### TASK TO COMPLETE
Print every entry exactly as written and exclude all images.

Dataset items
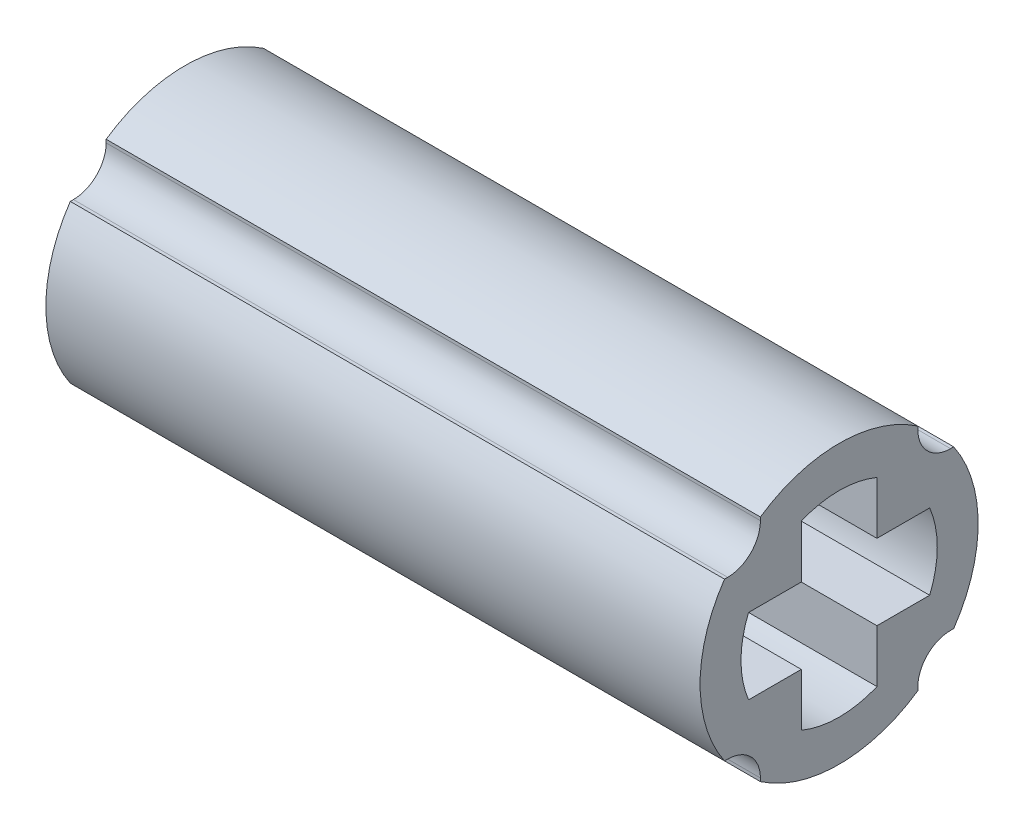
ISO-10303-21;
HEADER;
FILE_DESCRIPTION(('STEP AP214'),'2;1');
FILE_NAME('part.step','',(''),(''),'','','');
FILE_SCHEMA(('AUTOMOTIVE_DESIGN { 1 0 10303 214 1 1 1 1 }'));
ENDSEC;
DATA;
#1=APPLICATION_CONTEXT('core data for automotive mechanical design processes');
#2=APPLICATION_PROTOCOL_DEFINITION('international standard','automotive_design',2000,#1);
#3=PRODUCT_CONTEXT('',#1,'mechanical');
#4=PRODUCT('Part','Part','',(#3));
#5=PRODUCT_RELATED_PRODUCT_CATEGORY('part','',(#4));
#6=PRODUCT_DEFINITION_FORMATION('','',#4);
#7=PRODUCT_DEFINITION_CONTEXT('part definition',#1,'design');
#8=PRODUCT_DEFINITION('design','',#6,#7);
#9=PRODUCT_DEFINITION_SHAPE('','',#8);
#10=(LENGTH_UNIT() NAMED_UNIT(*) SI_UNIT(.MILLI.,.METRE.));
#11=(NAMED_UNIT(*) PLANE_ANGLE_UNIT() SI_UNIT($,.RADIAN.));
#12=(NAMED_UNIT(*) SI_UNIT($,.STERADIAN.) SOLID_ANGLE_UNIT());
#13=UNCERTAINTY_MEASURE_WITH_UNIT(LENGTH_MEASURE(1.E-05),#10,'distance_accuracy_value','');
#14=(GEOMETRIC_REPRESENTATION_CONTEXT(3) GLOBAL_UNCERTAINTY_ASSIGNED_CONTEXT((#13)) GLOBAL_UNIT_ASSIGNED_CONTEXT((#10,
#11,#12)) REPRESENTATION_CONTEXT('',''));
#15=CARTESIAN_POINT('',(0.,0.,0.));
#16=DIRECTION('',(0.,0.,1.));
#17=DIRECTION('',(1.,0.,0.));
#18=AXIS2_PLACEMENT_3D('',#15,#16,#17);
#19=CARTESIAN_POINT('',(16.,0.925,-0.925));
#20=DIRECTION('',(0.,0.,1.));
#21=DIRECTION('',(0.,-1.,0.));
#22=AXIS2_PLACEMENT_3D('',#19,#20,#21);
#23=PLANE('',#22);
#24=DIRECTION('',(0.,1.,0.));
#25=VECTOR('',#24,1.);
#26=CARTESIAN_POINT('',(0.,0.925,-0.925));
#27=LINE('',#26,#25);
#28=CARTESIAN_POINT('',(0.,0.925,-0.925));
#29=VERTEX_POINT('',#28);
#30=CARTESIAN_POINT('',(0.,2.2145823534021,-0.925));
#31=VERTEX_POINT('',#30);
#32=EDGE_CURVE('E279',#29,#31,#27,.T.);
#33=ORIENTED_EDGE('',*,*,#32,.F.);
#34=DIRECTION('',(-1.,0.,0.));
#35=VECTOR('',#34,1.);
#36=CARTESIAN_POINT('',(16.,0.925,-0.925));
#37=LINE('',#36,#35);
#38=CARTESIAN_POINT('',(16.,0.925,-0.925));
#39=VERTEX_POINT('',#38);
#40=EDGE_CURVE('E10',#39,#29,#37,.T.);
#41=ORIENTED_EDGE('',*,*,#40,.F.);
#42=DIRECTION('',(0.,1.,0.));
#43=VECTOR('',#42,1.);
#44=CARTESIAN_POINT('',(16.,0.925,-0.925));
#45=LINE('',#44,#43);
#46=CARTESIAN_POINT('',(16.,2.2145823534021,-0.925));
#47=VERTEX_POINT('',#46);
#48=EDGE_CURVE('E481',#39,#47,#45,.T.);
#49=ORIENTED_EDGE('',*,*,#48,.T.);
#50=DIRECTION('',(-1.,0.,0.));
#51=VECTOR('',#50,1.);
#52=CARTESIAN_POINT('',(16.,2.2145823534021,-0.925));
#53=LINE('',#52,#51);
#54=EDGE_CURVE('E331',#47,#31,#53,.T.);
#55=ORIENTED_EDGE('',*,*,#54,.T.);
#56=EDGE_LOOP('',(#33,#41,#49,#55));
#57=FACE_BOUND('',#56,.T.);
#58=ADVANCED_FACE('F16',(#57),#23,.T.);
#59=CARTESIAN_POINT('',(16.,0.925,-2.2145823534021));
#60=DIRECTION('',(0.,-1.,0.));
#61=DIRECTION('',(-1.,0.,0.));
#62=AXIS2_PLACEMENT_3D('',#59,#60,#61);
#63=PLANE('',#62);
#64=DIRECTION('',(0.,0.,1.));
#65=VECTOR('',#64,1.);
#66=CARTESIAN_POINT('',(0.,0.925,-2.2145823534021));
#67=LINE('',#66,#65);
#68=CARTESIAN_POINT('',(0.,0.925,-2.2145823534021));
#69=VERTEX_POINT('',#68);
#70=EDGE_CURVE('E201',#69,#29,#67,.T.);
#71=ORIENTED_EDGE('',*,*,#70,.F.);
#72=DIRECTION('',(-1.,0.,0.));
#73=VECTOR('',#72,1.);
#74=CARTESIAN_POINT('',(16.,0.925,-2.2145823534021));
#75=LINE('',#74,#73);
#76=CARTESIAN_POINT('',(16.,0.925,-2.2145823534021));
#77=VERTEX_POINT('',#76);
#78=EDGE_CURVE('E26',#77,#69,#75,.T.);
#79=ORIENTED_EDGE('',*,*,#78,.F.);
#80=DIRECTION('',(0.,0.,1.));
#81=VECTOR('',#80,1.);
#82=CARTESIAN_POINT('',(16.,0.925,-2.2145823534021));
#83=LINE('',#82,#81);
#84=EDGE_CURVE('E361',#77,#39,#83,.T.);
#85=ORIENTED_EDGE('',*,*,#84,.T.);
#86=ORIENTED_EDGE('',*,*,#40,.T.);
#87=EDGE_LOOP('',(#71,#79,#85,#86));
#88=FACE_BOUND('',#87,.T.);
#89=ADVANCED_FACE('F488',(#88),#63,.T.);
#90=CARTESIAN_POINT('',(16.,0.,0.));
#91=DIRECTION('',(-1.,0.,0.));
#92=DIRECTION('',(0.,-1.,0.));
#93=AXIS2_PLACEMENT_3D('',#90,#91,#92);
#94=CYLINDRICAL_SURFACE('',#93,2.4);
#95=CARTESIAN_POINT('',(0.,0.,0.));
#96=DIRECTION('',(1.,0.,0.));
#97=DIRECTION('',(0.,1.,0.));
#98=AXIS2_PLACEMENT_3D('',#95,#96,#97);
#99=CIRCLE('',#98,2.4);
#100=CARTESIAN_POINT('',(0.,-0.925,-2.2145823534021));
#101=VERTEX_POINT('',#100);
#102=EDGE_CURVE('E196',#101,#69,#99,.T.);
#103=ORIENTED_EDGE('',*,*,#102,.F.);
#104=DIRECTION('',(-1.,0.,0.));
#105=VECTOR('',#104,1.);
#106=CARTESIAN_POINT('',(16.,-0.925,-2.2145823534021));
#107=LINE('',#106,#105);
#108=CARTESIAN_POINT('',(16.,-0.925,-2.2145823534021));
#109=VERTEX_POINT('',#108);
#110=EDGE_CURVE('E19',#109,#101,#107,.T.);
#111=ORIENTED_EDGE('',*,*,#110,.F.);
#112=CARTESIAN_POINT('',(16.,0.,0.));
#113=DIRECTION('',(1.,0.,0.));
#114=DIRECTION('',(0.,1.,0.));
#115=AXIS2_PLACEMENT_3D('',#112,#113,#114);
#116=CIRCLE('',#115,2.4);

### SOLVED PROBLEM
ISO-10303-21;
HEADER;
FILE_DESCRIPTION(('STEP AP214'),'2;1');
FILE_NAME('part.step','',(''),(''),'','','');
FILE_SCHEMA(('AUTOMOTIVE_DESIGN { 1 0 10303 214 1 1 1 1 }'));
ENDSEC;
DATA;
#1=APPLICATION_CONTEXT('core data for automotive mechanical design processes');
#2=APPLICATION_PROTOCOL_DEFINITION('international standard','automotive_design',2000,#1);
#3=PRODUCT_CONTEXT('',#1,'mechanical');
#4=PRODUCT('Part','Part','',(#3));
#5=PRODUCT_RELATED_PRODUCT_CATEGORY('part','',(#4));
#6=PRODUCT_DEFINITION_FORMATION('','',#4);
#7=PRODUCT_DEFINITION_CONTEXT('part definition',#1,'design');
#8=PRODUCT_DEFINITION('design','',#6,#7);
#9=PRODUCT_DEFINITION_SHAPE('','',#8);
#10=(LENGTH_UNIT() NAMED_UNIT(*) SI_UNIT(.MILLI.,.METRE.));
#11=(NAMED_UNIT(*) PLANE_ANGLE_UNIT() SI_UNIT($,.RADIAN.));
#12=(NAMED_UNIT(*) SI_UNIT($,.STERADIAN.) SOLID_ANGLE_UNIT());
#13=UNCERTAINTY_MEASURE_WITH_UNIT(LENGTH_MEASURE(1.E-05),#10,'distance_accuracy_value','');
#14=(GEOMETRIC_REPRESENTATION_CONTEXT(3) GLOBAL_UNCERTAINTY_ASSIGNED_CONTEXT((#13)) GLOBAL_UNIT_ASSIGNED_CONTEXT((#10,
#11,#12)) REPRESENTATION_CONTEXT('',''));
#15=CARTESIAN_POINT('',(0.,0.,0.));
#16=DIRECTION('',(0.,0.,1.));
#17=DIRECTION('',(1.,0.,0.));
#18=AXIS2_PLACEMENT_3D('',#15,#16,#17);
#19=CARTESIAN_POINT('',(16.,0.925,-0.925));
#20=DIRECTION('',(0.,0.,1.));
#21=DIRECTION('',(0.,-1.,0.));
#22=AXIS2_PLACEMENT_3D('',#19,#20,#21);
#23=PLANE('',#22);
#24=DIRECTION('',(0.,1.,0.));
#25=VECTOR('',#24,1.);
#26=CARTESIAN_POINT('',(0.,0.925,-0.925));
#27=LINE('',#26,#25);
#28=CARTESIAN_POINT('',(0.,0.925,-0.925));
#29=VERTEX_POINT('',#28);
#30=CARTESIAN_POINT('',(0.,2.2145823534021,-0.925));
#31=VERTEX_POINT('',#30);
#32=EDGE_CURVE('E279',#29,#31,#27,.T.);
#33=ORIENTED_EDGE('',*,*,#32,.F.);
#34=DIRECTION('',(-1.,0.,0.));
#35=VECTOR('',#34,1.);
#36=CARTESIAN_POINT('',(16.,0.925,-0.925));
#37=LINE('',#36,#35);
#38=CARTESIAN_POINT('',(16.,0.925,-0.925));
#39=VERTEX_POINT('',#38);
#40=EDGE_CURVE('E10',#39,#29,#37,.T.);
#41=ORIENTED_EDGE('',*,*,#40,.F.);
#42=DIRECTION('',(0.,1.,0.));
#43=VECTOR('',#42,1.);
#44=CARTESIAN_POINT('',(16.,0.925,-0.925));
#45=LINE('',#44,#43);
#46=CARTESIAN_POINT('',(16.,2.2145823534021,-0.925));
#47=VERTEX_POINT('',#46);
#48=EDGE_CURVE('E481',#39,#47,#45,.T.);
#49=ORIENTED_EDGE('',*,*,#48,.T.);
#50=DIRECTION('',(-1.,0.,0.));
#51=VECTOR('',#50,1.);
#52=CARTESIAN_POINT('',(16.,2.2145823534021,-0.925));
#53=LINE('',#52,#51);
#54=EDGE_CURVE('E331',#47,#31,#53,.T.);
#55=ORIENTED_EDGE('',*,*,#54,.T.);
#56=EDGE_LOOP('',(#33,#41,#49,#55));
#57=FACE_BOUND('',#56,.T.);
#58=ADVANCED_FACE('F16',(#57),#23,.T.);
#59=CARTESIAN_POINT('',(16.,0.925,-2.2145823534021));
#60=DIRECTION('',(0.,-1.,0.));
#61=DIRECTION('',(-1.,0.,0.));
#62=AXIS2_PLACEMENT_3D('',#59,#60,#61);
#63=PLANE('',#62);
#64=DIRECTION('',(0.,0.,1.));
#65=VECTOR('',#64,1.);
#66=CARTESIAN_POINT('',(0.,0.925,-2.2145823534021));
#67=LINE('',#66,#65);
#68=CARTESIAN_POINT('',(0.,0.925,-2.2145823534021));
#69=VERTEX_POINT('',#68);
#70=EDGE_CURVE('E201',#69,#29,#67,.T.);
#71=ORIENTED_EDGE('',*,*,#70,.F.);
#72=DIRECTION('',(-1.,0.,0.));
#73=VECTOR('',#72,1.);
#74=CARTESIAN_POINT('',(16.,0.925,-2.2145823534021));
#75=LINE('',#74,#73);
#76=CARTESIAN_POINT('',(16.,0.925,-2.2145823534021));
#77=VERTEX_POINT('',#76);
#78=EDGE_CURVE('E26',#77,#69,#75,.T.);
#79=ORIENTED_EDGE('',*,*,#78,.F.);
#80=DIRECTION('',(0.,0.,1.));
#81=VECTOR('',#80,1.);
#82=CARTESIAN_POINT('',(16.,0.925,-2.2145823534021));
#83=LINE('',#82,#81);
#84=EDGE_CURVE('E361',#77,#39,#83,.T.);
#85=ORIENTED_EDGE('',*,*,#84,.T.);
#86=ORIENTED_EDGE('',*,*,#40,.T.);
#87=EDGE_LOOP('',(#71,#79,#85,#86));
#88=FACE_BOUND('',#87,.T.);
#89=ADVANCED_FACE('F488',(#88),#63,.T.);
#90=CARTESIAN_POINT('',(16.,0.,0.));
#91=DIRECTION('',(-1.,0.,0.));
#92=DIRECTION('',(0.,-1.,0.));
#93=AXIS2_PLACEMENT_3D('',#90,#91,#92);
#94=CYLINDRICAL_SURFACE('',#93,2.4);
#95=CARTESIAN_POINT('',(0.,0.,0.));
#96=DIRECTION('',(1.,0.,0.));
#97=DIRECTION('',(0.,1.,0.));
#98=AXIS2_PLACEMENT_3D('',#95,#96,#97);
#99=CIRCLE('',#98,2.4);
#100=CARTESIAN_POINT('',(0.,-0.925,-2.2145823534021));
#101=VERTEX_POINT('',#100);
#102=EDGE_CURVE('E196',#101,#69,#99,.T.);
#103=ORIENTED_EDGE('',*,*,#102,.F.);
#104=DIRECTION('',(-1.,0.,0.));
#105=VECTOR('',#104,1.);
#106=CARTESIAN_POINT('',(16.,-0.925,-2.2145823534021));
#107=LINE('',#106,#105);
#108=CARTESIAN_POINT('',(16.,-0.925,-2.2145823534021));
#109=VERTEX_POINT('',#108);
#110=EDGE_CURVE('E19',#109,#101,#107,.T.);
#111=ORIENTED_EDGE('',*,*,#110,.F.);
#112=CARTESIAN_POINT('',(16.,0.,0.));
#113=DIRECTION('',(1.,0.,0.));
#114=DIRECTION('',(0.,1.,0.));
#115=AXIS2_PLACEMENT_3D('',#112,#113,#114);
#116=CIRCLE('',#115,2.4);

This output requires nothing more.